High Islam (600-1100 AD) was a period of great culture and
tolerance for the Moslem world, and that tolerance often extended
to conquered Christian populations. In many countries, Christians
were not forced into conversion, or circumcision, because only
uncircumcised males could legally be taxed and the Arab
Caliphates needed the money. The Moslem rulers of Christian Syria
and Sicily were among the most tolerant in all history only
Moslem Spain forced her Christian sons to shed their foreskins.
Indeed, Omar II (Umayyed Caliphate, 717- 712 AD) even argued
against religious circumcision .... a late version of St. Paul.
Then came the Crusades. The burly, marauding, rapine crusaders
who swept down from the European wilderness were truly barbarian
in the eyes of the Moslems.

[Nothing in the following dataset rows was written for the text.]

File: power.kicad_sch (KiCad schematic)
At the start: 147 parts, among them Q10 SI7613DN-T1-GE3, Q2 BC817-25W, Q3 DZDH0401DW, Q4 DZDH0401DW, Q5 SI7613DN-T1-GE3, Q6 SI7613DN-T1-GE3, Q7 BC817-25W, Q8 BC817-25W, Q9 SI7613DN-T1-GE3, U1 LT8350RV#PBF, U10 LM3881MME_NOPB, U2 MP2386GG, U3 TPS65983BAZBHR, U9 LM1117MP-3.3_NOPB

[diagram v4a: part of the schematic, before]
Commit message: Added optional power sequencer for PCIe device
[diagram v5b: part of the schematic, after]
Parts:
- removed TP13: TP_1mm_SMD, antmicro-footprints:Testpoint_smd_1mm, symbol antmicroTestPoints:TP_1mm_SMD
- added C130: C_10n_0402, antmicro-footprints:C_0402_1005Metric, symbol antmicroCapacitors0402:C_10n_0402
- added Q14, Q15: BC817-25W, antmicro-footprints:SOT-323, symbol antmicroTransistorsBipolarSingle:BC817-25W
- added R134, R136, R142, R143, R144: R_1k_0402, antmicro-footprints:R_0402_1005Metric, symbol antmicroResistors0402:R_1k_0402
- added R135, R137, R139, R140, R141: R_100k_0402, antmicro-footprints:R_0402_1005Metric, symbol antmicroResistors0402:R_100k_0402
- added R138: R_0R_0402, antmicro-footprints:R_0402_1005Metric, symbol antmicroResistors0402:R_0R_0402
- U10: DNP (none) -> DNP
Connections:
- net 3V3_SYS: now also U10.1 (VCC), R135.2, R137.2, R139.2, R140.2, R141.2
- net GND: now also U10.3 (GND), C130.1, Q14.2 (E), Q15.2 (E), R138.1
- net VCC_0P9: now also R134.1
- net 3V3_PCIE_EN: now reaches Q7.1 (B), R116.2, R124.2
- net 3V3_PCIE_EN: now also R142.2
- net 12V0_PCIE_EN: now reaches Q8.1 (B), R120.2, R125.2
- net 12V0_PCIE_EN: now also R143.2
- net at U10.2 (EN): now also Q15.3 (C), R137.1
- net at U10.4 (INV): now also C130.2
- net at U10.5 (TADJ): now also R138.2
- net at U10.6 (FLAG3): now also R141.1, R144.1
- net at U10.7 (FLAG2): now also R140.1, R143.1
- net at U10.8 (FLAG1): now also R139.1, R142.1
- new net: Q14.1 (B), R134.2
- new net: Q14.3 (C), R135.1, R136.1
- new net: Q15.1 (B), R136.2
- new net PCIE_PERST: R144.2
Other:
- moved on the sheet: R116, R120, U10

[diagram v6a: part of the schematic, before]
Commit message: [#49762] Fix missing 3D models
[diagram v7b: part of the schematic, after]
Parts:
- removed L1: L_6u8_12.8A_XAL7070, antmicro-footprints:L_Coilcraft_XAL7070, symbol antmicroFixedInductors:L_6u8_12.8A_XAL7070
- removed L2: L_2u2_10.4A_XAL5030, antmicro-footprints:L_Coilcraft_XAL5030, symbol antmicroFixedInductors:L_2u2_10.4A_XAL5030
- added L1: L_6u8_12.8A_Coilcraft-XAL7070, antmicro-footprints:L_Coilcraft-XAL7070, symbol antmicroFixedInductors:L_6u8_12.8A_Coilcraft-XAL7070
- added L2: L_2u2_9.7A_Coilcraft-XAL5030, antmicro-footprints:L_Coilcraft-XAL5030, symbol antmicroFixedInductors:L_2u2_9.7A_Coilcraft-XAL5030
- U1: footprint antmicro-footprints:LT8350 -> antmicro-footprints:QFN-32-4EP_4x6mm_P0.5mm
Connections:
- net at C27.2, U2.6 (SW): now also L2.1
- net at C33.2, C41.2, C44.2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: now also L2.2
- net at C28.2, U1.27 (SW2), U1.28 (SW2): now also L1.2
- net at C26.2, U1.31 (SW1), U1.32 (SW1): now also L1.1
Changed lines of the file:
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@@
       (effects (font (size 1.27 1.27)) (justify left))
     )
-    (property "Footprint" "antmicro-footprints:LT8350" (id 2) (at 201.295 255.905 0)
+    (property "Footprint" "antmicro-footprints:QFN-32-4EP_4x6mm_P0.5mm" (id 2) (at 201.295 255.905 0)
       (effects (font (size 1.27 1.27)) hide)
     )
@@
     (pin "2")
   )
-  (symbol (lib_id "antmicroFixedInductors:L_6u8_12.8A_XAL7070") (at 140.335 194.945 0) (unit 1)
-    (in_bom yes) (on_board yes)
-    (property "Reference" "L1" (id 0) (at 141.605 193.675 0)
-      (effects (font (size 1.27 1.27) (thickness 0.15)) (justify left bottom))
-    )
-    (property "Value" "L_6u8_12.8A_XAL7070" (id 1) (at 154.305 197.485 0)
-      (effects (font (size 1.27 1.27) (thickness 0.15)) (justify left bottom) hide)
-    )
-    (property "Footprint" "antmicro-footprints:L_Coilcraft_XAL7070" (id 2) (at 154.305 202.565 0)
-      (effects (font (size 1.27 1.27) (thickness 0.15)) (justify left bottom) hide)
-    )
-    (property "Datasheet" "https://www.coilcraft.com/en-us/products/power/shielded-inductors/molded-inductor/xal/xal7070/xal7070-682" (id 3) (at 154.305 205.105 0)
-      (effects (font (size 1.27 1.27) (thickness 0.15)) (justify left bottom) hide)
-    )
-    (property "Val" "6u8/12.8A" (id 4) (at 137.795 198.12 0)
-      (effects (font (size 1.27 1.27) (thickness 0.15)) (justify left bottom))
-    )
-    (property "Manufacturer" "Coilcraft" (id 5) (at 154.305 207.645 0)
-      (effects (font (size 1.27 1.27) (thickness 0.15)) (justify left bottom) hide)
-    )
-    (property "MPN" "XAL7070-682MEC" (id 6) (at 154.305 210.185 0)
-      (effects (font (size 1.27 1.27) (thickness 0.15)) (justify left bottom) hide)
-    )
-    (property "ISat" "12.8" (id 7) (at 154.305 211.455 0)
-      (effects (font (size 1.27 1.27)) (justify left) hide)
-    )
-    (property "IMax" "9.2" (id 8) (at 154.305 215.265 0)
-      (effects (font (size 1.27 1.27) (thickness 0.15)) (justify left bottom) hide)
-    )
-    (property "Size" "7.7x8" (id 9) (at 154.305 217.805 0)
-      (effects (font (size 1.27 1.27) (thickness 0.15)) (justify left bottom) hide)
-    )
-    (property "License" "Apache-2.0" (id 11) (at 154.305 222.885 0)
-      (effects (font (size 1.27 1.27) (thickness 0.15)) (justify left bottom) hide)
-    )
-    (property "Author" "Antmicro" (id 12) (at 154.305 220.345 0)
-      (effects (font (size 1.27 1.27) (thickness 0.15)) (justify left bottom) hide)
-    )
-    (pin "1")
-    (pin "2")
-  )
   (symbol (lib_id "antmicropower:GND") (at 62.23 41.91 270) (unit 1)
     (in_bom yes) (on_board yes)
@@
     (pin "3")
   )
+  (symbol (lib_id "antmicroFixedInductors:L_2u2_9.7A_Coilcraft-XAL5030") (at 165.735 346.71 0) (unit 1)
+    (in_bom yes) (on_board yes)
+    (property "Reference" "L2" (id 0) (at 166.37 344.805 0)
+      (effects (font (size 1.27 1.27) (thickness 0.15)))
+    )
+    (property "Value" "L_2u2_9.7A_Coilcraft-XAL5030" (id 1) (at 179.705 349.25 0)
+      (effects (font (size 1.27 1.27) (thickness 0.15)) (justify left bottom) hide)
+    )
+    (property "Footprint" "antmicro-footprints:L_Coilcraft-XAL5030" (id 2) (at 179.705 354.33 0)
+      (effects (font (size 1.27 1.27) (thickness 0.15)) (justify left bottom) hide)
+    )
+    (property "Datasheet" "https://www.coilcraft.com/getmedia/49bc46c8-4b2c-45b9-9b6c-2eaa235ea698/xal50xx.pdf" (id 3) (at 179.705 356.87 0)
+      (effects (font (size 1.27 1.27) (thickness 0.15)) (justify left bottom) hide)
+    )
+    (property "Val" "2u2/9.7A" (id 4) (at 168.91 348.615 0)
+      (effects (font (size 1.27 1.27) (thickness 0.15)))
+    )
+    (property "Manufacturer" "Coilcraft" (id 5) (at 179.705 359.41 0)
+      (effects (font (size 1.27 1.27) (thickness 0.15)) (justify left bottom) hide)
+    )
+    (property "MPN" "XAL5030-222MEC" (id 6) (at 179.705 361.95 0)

And, they were "dogs". Their clumsy
plunder was soon met, reluctantly, with calculated cruelty...and
Islam once again lost its tolerance for the uncircumcised penis.
Many a handsome Knight in shining armor was dispatched back to
his cold northern woods without the benefit of his "hood". The
situation deteriorated until, by the time, five centuries later,
British colonialism set its gaze upon Moslem ruled India, it was
"As in Biblical times...", quoting historian Allen Edwardes,
("Jewel in the Lotus", Julian Press 1959), "the slashed prepuces
of the Unbelievers, heaped in mounds following a great battle, in
accordance with the rigid martial code of the Moghul Empire, the
warrior rose in rank according to the number of foreskins he
brought in from the field."  At this moment in history, British
prepuce met Sword of Islam.

As the mighty British Empire expanded and Mother England sent
forth soldiers, adventurers and government clerks, more and more
of her Christian sons returned home with Islamized penises.
Unfortunately, many did not return but instead bled to death as a
result of their foreskin amputation.  Phimosis, the condition of
a tight or unretractable prepuce, seemingly had a high incidence
among the English, making cavalier circumcisions by Moslem
swordsmen risky, and as far back as 1661, the Old London Company
realized that her many phimosed employees were in mortal danger.
Knowing it was impossible to protect British foreskins from
zealot Moghuls, the British governor of Madras proclaimed that
all applicants to the Company be "bodily examined" and if a cadet
could not "strip his yard" the company surgeon was obliged to
"clip ye skin entire".  Thus, in 1661, the first circumcision of
European Christians by European Christians was commenced, giving
impetus to three hundred years of routine circumcision in the
English speaking world.

The Old London Company records still exist giving explicit
details about who among her illustrious empire builders were
"clipcocks" and who were "pillcocks" (or, peelcocks;
uncircumcised).  These terms gave rise to generations of English
schoolboy humor and playful contention, not to mention curiosity,
between possessors or the two styles of "cocks".  For many
generations the "clipcocks", in the minority, suffered great
indignation.  Robert Clive, the hero in the British takeover of
India, was angered when his phimosed penis was circumcised by the
company surgeon; "By God, had I known I was to come out here to
be clipped I'd have forsaken pork and procured me a scullcap!"
When taunted by the pillcock cadets in his own company Clive
"...did menace ye offending cadets with his pen-knife, asking who
should be the first in ye loss of his precious skin.''

By the early nineteenth century, however, the clipcock became
fashion among the British aristocracy, who wore it as a badge of
honor--proof of serving Throne and Empire in foreign service.